Beckley Park, a country estate in Oxfordshire, lies at the end of a narrow drive that winds through pastures and farmland, flanked, for the last several hundred feet, by squat concrete mushrooms. The house, an austere brick building with three gabled towers, partially encircled by the remnants of three ancient concentric moats, was built in the 16th century as a hunting lodge for British aristocrats. From the front, it resembles “a fairy-tale castle,” as House & Garden magazine once noted, but from the side it is curiously narrow, only one room deep, and looks as though it might topple over. Around it, enormous hedges and topiaries crowd together, towering over visitors’ heads in dreamlike forms: hallucinogenic spirals, a bear, a tilted top hat.

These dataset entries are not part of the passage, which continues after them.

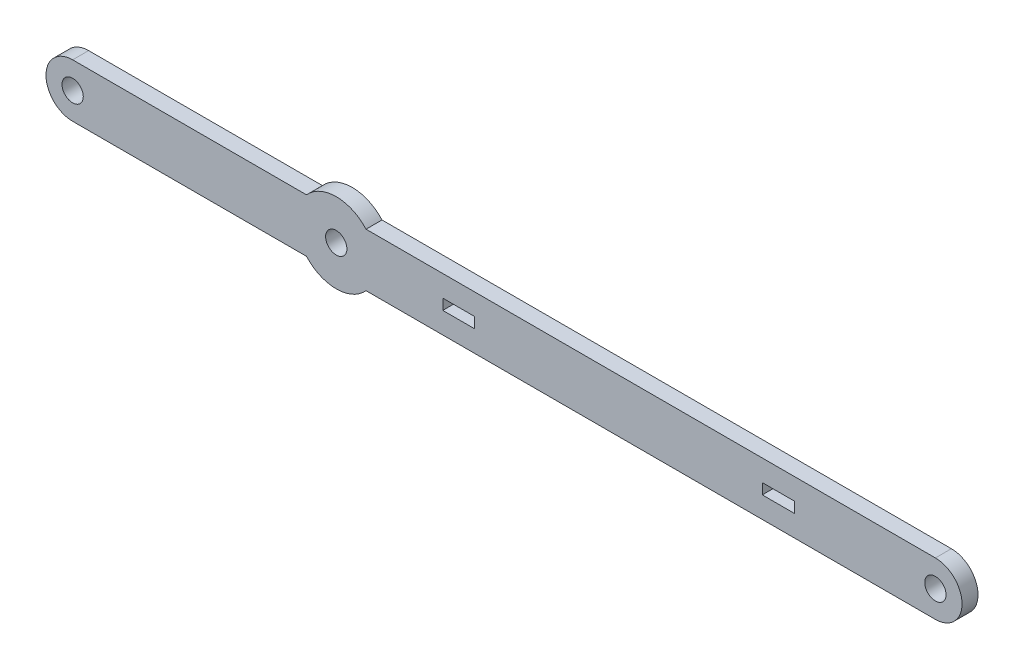
ISO-10303-21;
HEADER;
FILE_DESCRIPTION(('STEP AP214'),'2;1');
FILE_NAME('part.step','',(''),(''),'','','');
FILE_SCHEMA(('AUTOMOTIVE_DESIGN { 1 0 10303 214 1 1 1 1 }'));
ENDSEC;
DATA;
#1=APPLICATION_CONTEXT('core data for automotive mechanical design processes');
#2=APPLICATION_PROTOCOL_DEFINITION('international standard','automotive_design',2000,#1);
#3=PRODUCT_CONTEXT('',#1,'mechanical');
#4=PRODUCT('Part','Part','',(#3));
#5=PRODUCT_RELATED_PRODUCT_CATEGORY('part','',(#4));
#6=PRODUCT_DEFINITION_FORMATION('','',#4);
#7=PRODUCT_DEFINITION_CONTEXT('part definition',#1,'design');
#8=PRODUCT_DEFINITION('design','',#6,#7);
#9=PRODUCT_DEFINITION_SHAPE('','',#8);
#10=(LENGTH_UNIT() NAMED_UNIT(*) SI_UNIT(.MILLI.,.METRE.));
#11=(NAMED_UNIT(*) PLANE_ANGLE_UNIT() SI_UNIT($,.RADIAN.));
#12=(NAMED_UNIT(*) SI_UNIT($,.STERADIAN.) SOLID_ANGLE_UNIT());
#13=UNCERTAINTY_MEASURE_WITH_UNIT(LENGTH_MEASURE(1.E-05),#10,'distance_accuracy_value','');
#14=(GEOMETRIC_REPRESENTATION_CONTEXT(3) GLOBAL_UNCERTAINTY_ASSIGNED_CONTEXT((#13)) GLOBAL_UNIT_ASSIGNED_CONTEXT((#10,
#11,#12)) REPRESENTATION_CONTEXT('',''));
#15=CARTESIAN_POINT('',(0.,0.,0.));
#16=DIRECTION('',(0.,0.,1.));
#17=DIRECTION('',(1.,0.,0.));
#18=AXIS2_PLACEMENT_3D('',#15,#16,#17);
#19=CARTESIAN_POINT('',(0.,0.,1.5));
#20=DIRECTION('',(0.,0.,1.));
#21=DIRECTION('',(1.,0.,0.));
#22=AXIS2_PLACEMENT_3D('',#19,#20,#21);
#23=PLANE('',#22);
#24=CARTESIAN_POINT('',(0.,0.,1.5));
#25=DIRECTION('',(0.,0.,1.));
#26=DIRECTION('',(1.,0.,0.));
#27=AXIS2_PLACEMENT_3D('',#24,#25,#26);
#28=CIRCLE('',#27,2.);
#29=CARTESIAN_POINT('',(2.,0.,1.5));
#30=VERTEX_POINT('',#29);
#31=EDGE_CURVE('E220',#30,#30,#28,.T.);
#32=ORIENTED_EDGE('',*,*,#31,.F.);
#33=EDGE_LOOP('',(#32));
#34=FACE_BOUND('',#33,.T.);
#35=CARTESIAN_POINT('',(0.,0.,1.5));
#36=DIRECTION('',(0.,0.,1.));
#37=DIRECTION('',(1.,0.,0.));
#38=AXIS2_PLACEMENT_3D('',#35,#36,#37);
#39=CIRCLE('',#38,5.);
#40=CARTESIAN_POINT('',(0.,5.,1.5));
#41=VERTEX_POINT('',#40);
#42=CARTESIAN_POINT('',(0.,-5.,1.5));
#43=VERTEX_POINT('',#42);
#44=EDGE_CURVE('E232',#41,#43,#39,.T.);
#45=ORIENTED_EDGE('',*,*,#44,.T.);
#46=DIRECTION('',(1.,0.,0.));
#47=VECTOR('',#46,1.);
#48=CARTESIAN_POINT('',(0.,-5.,1.5));
#49=LINE('',#48,#47);
#50=CARTESIAN_POINT('',(43.9098300562505,-5.,1.5));
#51=VERTEX_POINT('',#50);
#52=EDGE_CURVE('E235',#43,#51,#49,.T.);
#53=ORIENTED_EDGE('',*,*,#52,.T.);
#54=CARTESIAN_POINT('',(49.5,0.,1.5));
#55=DIRECTION('',(0.,0.,1.));
#56=DIRECTION('',(1.,0.,0.));
#57=AXIS2_PLACEMENT_3D('',#54,#55,#56);
#58=CIRCLE('',#57,7.5);
#59=CARTESIAN_POINT('',(55.0901699437495,-5.,1.5));
#60=VERTEX_POINT('',#59);
#61=EDGE_CURVE('E238',#51,#60,#58,.T.);
#62=ORIENTED_EDGE('',*,*,#61,.T.);
#63=DIRECTION('',(1.,0.,0.));
#64=VECTOR('',#63,1.);
#65=CARTESIAN_POINT('',(55.0901699437495,-5.,1.5));
#66=LINE('',#65,#64);
#67=CARTESIAN_POINT('',(162.,-5.,1.5));
#68=VERTEX_POINT('',#67);
#69=EDGE_CURVE('E240',#60,#68,#66,.T.);
#70=ORIENTED_EDGE('',*,*,#69,.T.);
#71=CARTESIAN_POINT('',(162.,0.,1.5));
#72=DIRECTION('',(0.,0.,1.));
#73=DIRECTION('',(1.,0.,0.));
#74=AXIS2_PLACEMENT_3D('',#71,#72,#73);
#75=CIRCLE('',#74,5.);
#76=CARTESIAN_POINT('',(162.,5.,1.5));
#77=VERTEX_POINT('',#76);
#78=EDGE_CURVE('E242',#68,#77,#75,.T.);
#79=ORIENTED_EDGE('',*,*,#78,.T.);
#80=DIRECTION('',(-1.,0.,0.));
#81=VECTOR('',#80,1.);
#82=CARTESIAN_POINT('',(55.0901699437495,5.,1.5));
#83=LINE('',#82,#81);
#84=CARTESIAN_POINT('',(55.0901699437495,5.,1.5));
#85=VERTEX_POINT('',#84);
#86=EDGE_CURVE('E244',#77,#85,#83,.T.);
#87=ORIENTED_EDGE('',*,*,#86,.T.);
#88=CARTESIAN_POINT('',(49.5,0.,1.5));
#89=DIRECTION('',(0.,0.,1.));
#90=DIRECTION('',(1.,0.,0.));
#91=AXIS2_PLACEMENT_3D('',#88,#89,#90);
#92=CIRCLE('',#91,7.5);
#93=CARTESIAN_POINT('',(43.9098300562505,5.,1.5));
#94=VERTEX_POINT('',#93);
#95=EDGE_CURVE('E246',#85,#94,#92,.T.);
#96=ORIENTED_EDGE('',*,*,#95,.T.);
#97=DIRECTION('',(-1.,0.,0.));
#98=VECTOR('',#97,1.);
#99=CARTESIAN_POINT('',(0.,5.,1.5));
#100=LINE('',#99,#98);
#101=EDGE_CURVE('E248',#94,#41,#100,.T.);
#102=ORIENTED_EDGE('',*,*,#101,.T.);
#103=EDGE_LOOP('',(#45,#53,#62,#70,#79,#87,#96,#102));
#104=FACE_BOUND('',#103,.T.);
#105=CARTESIAN_POINT('',(162.,0.,1.5));
#106=DIRECTION('',(0.,0.,1.));
#107=DIRECTION('',(1.,0.,0.));
#108=AXIS2_PLACEMENT_3D('',#105,#106,#107);
#109=CIRCLE('',#108,2.);
#110=CARTESIAN_POINT('',(164.,0.,1.5));
#111=VERTEX_POINT('',#110);
#112=EDGE_CURVE('E226',#111,#111,#109,.T.);
#113=ORIENTED_EDGE('',*,*,#112,.F.);
#114=EDGE_LOOP('',(#113));
#115=FACE_BOUND('',#114,.T.);
#116=CARTESIAN_POINT('',(49.5,0.,1.5));
#117=DIRECTION('',(0.,0.,1.));
#118=DIRECTION('',(1.,0.,0.));
#119=AXIS2_PLACEMENT_3D('',#116,#117,#118);
#120=CIRCLE('',#119,2.);
#121=CARTESIAN_POINT('',(51.5,0.,1.5));
#122=VERTEX_POINT('',#121);
#123=EDGE_CURVE('E214',#122,#122,#120,.T.);
#124=ORIENTED_EDGE('',*,*,#123,.F.);
#125=EDGE_LOOP('',(#124));
#126=FACE_BOUND('',#125,.T.);
#127=DIRECTION('',(0.,-1.,0.));
#128=VECTOR('',#127,1.);
#129=CARTESIAN_POINT('',(129.5,1.,1.5));
#130=LINE('',#129,#128);
#131=CARTESIAN_POINT('',(129.5,1.,1.5));
#132=VERTEX_POINT('',#131);
#133=CARTESIAN_POINT('',(129.5,-1.,1.5));
#134=VERTEX_POINT('',#133);
#135=EDGE_CURVE('E185',#132,#134,#130,.T.);
#136=ORIENTED_EDGE('',*,*,#135,.F.);
#137=DIRECTION('',(-1.,0.,0.));
#138=VECTOR('',#137,1.);
#139=CARTESIAN_POINT('',(135.5,1.,1.5));
#140=LINE('',#139,#138);
#141=CARTESIAN_POINT('',(135.5,1.,1.5));
#142=VERTEX_POINT('',#141);
#143=EDGE_CURVE('E183',#142,#132,#140,.T.);
#144=ORIENTED_EDGE('',*,*,#143,.F.);
#145=DIRECTION('',(0.,1.,0.));
#146=VECTOR('',#145,1.);
#147=CARTESIAN_POINT('',(135.5,-1.,1.5));
#148=LINE('',#147,#146);
#149=CARTESIAN_POINT('',(135.5,-1.,1.5));
#150=VERTEX_POINT('',#149);
#151=EDGE_CURVE('E191',#150,#142,#148,.T.);
#152=ORIENTED_EDGE('',*,*,#151,.F.);
#153=DIRECTION('',(1.,0.,0.));
#154=VECTOR('',#153,1.);
#155=CARTESIAN_POINT('',(129.5,-1.,1.5));
#156=LINE('',#155,#154);
#157=EDGE_CURVE('E188',#134,#150,#156,.T.);
#158=ORIENTED_EDGE('',*,*,#157,.F.);
#159=EDGE_LOOP('',(#136,#144,#152,#158));
#160=FACE_BOUND('',#159,.T.);
#161=DIRECTION('',(-1.,0.,0.));
#162=VECTOR('',#161,1.);
#163=CARTESIAN_POINT('',(75.5,1.,1.5));
#164=LINE('',#163,#162);
#165=CARTESIAN_POINT('',(75.5,1.,1.5));
#166=VERTEX_POINT('',#165);
#167=CARTESIAN_POINT('',(69.5,1.,1.5));
#168=VERTEX_POINT('',#167);
#169=EDGE_CURVE('E155',#166,#168,#164,.T.);
#170=ORIENTED_EDGE('',*,*,#169,.F.);
#171=DIRECTION('',(0.,1.,0.));
#172=VECTOR('',#171,1.);
#173=CARTESIAN_POINT('',(75.5,-1.,1.5));
#174=LINE('',#173,#172);
#175=CARTESIAN_POINT('',(75.5,-1.,1.5));
#176=VERTEX_POINT('',#175);
#177=EDGE_CURVE('E147',#176,#166,#174,.T.);
#178=ORIENTED_EDGE('',*,*,#177,.F.);
#179=DIRECTION('',(1.,0.,0.));
#180=VECTOR('',#179,1.);
#181=CARTESIAN_POINT('',(69.5,-1.,1.5));
#182=LINE('',#181,#180);
#183=CARTESIAN_POINT('',(69.5,-1.,1.5));
#184=VERTEX_POINT('',#183);
#185=EDGE_CURVE('E169',#184,#176,#182,.T.);
#186=ORIENTED_EDGE('',*,*,#185,.F.);
#187=DIRECTION('',(0.,-1.,0.));
#188=VECTOR('',#187,1.);
#189=CARTESIAN_POINT('',(69.5,1.,1.5));
#190=LINE('',#189,#188);
#191=EDGE_CURVE('E167',#168,#184,#190,.T.);
#192=ORIENTED_EDGE('',*,*,#191,.F.);
#193=EDGE_LOOP('',(#170,#178,#186,#192));
#194=FACE_BOUND('',#193,.T.);
#195=ADVANCED_FACE('F34',(#34,#104,#115,#126,#160,#194),#23,.T.);
#196=CARTESIAN_POINT('',(0.,0.,-1.5));
#197=DIRECTION('',(0.,0.,1.));
#198=DIRECTION('',(1.,0.,0.));
#199=AXIS2_PLACEMENT_3D('',#196,#197,#198);
#200=PLANE('',#199);
#201=DIRECTION('',(-1.,0.,0.));
#202=VECTOR('',#201,1.);
#203=CARTESIAN_POINT('',(135.5,1.,-1.5));
#204=LINE('',#203,#202);
#205=CARTESIAN_POINT('',(135.5,1.,-1.5));
#206=VERTEX_POINT('',#205);
#207=CARTESIAN_POINT('',(129.5,1.,-1.5));
#208=VERTEX_POINT('',#207);
#209=EDGE_CURVE('E163',#206,#208,#204,.T.);
#210=ORIENTED_EDGE('',*,*,#209,.T.);
#211=DIRECTION('',(0.,-1.,0.));
#212=VECTOR('',#211,1.);
#213=CARTESIAN_POINT('',(129.5,1.,-1.5));
#214=LINE('',#213,#212);
#215=CARTESIAN_POINT('',(129.5,-1.,-1.5));
#216=VERTEX_POINT('',#215);
#217=EDGE_CURVE('E196',#208,#216,#214,.T.);
#218=ORIENTED_EDGE('',*,*,#217,.T.);
#219=DIRECTION('',(1.,0.,0.));
#220=VECTOR('',#219,1.);
#221=CARTESIAN_POINT('',(129.5,-1.,-1.5));
#222=LINE('',#221,#220);
#223=CARTESIAN_POINT('',(135.5,-1.,-1.5));
#224=VERTEX_POINT('',#223);
#225=EDGE_CURVE('E199',#216,#224,#222,.T.);
#226=ORIENTED_EDGE('',*,*,#225,.T.);
#227=DIRECTION('',(0.,1.,0.));
#228=VECTOR('',#227,1.);
#229=CARTESIAN_POINT('',(135.5,-1.,-1.5));
#230=LINE('',#229,#228);
#231=EDGE_CURVE('E186',#224,#206,#230,.T.);
#232=ORIENTED_EDGE('',*,*,#231,.T.);
#233=EDGE_LOOP('',(#210,#218,#226,#232));
#234=FACE_BOUND('',#233,.T.);
#235=CARTESIAN_POINT('',(0.,0.,-1.5));
#236=DIRECTION('',(0.,0.,1.));
#237=DIRECTION('',(1.,0.,0.));
#238=AXIS2_PLACEMENT_3D('',#235,#236,#237);
#239=CIRCLE('',#238,5.);
#240=CARTESIAN_POINT('',(0.,5.,-1.5));
#241=VERTEX_POINT('',#240);
#242=CARTESIAN_POINT('',(0.,-5.,-1.5));
#243=VERTEX_POINT('',#242);
#244=EDGE_CURVE('E229',#241,#243,#239,.T.);
#245=ORIENTED_EDGE('',*,*,#244,.F.);
#246=DIRECTION('',(-1.,0.,0.));
#247=VECTOR('',#246,1.);
#248=CARTESIAN_POINT('',(0.,5.,-1.5));
#249=LINE('',#248,#247);
#250=CARTESIAN_POINT('',(43.9098300562505,5.,-1.5));
#251=VERTEX_POINT('',#250);
#252=EDGE_CURVE('E236',#251,#241,#249,.T.);
#253=ORIENTED_EDGE('',*,*,#252,.F.);
#254=CARTESIAN_POINT('',(49.5,0.,-1.5));
#255=DIRECTION('',(0.,0.,1.));
#256=DIRECTION('',(1.,0.,0.));
#257=AXIS2_PLACEMENT_3D('',#254,#255,#256);
#258=CIRCLE('',#257,7.5);
#259=CARTESIAN_POINT('',(55.0901699437495,5.,-1.5));
#260=VERTEX_POINT('',#259);
#261=EDGE_CURVE('E263',#260,#251,#258,.T.);
#262=ORIENTED_EDGE('',*,*,#261,.F.);
#263=DIRECTION('',(-1.,0.,0.));
#264=VECTOR('',#263,1.);
#265=CARTESIAN_POINT('',(55.0901699437495,5.,-1.5));
#266=LINE('',#265,#264);
#267=CARTESIAN_POINT('',(162.,5.,-1.5));
#268=VERTEX_POINT('',#267);
#269=EDGE_CURVE('E261',#268,#260,#266,.T.);
#270=ORIENTED_EDGE('',*,*,#269,.F.);
#271=CARTESIAN_POINT('',(162.,0.,-1.5));
#272=DIRECTION('',(0.,0.,1.));
#273=DIRECTION('',(1.,0.,0.));
#274=AXIS2_PLACEMENT_3D('',#271,#272,#273);
#275=CIRCLE('',#274,5.);
#276=CARTESIAN_POINT('',(162.,-5.,-1.5));
#277=VERTEX_POINT('',#276);
#278=EDGE_CURVE('E259',#277,#268,#275,.T.);
#279=ORIENTED_EDGE('',*,*,#278,.F.);
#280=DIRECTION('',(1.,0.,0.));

I arrived on a gloomy morning last June. The owner of the estate was Lady Amanda Feilding, a countess in her 80s, who was often described in the international press as “the hidden hand behind the psychedelic renaissance.” With an unusual devotion to LSD, she’d spent decades orchestrating the revival of legitimate psychedelic science. She was also notorious for her advocacy of trepanation, an ancient surgical procedure in which holes are drilled into one’s skull, once thought to release evil spirits and relieve pressure from brain swelling. In 1970, influenced by a Dutch lover who believed, dubiously, that such holes induce a permanent high, Feilding was filmed boring into her own forehead with a dentist’s drill while on acid, smiling exultantly as blood streamed down her face. She later ran for Parliament twice — in 1979 and 1983 — on the platform that trepanation be made freely available on the National Health Service.

This sounds like a fun trip.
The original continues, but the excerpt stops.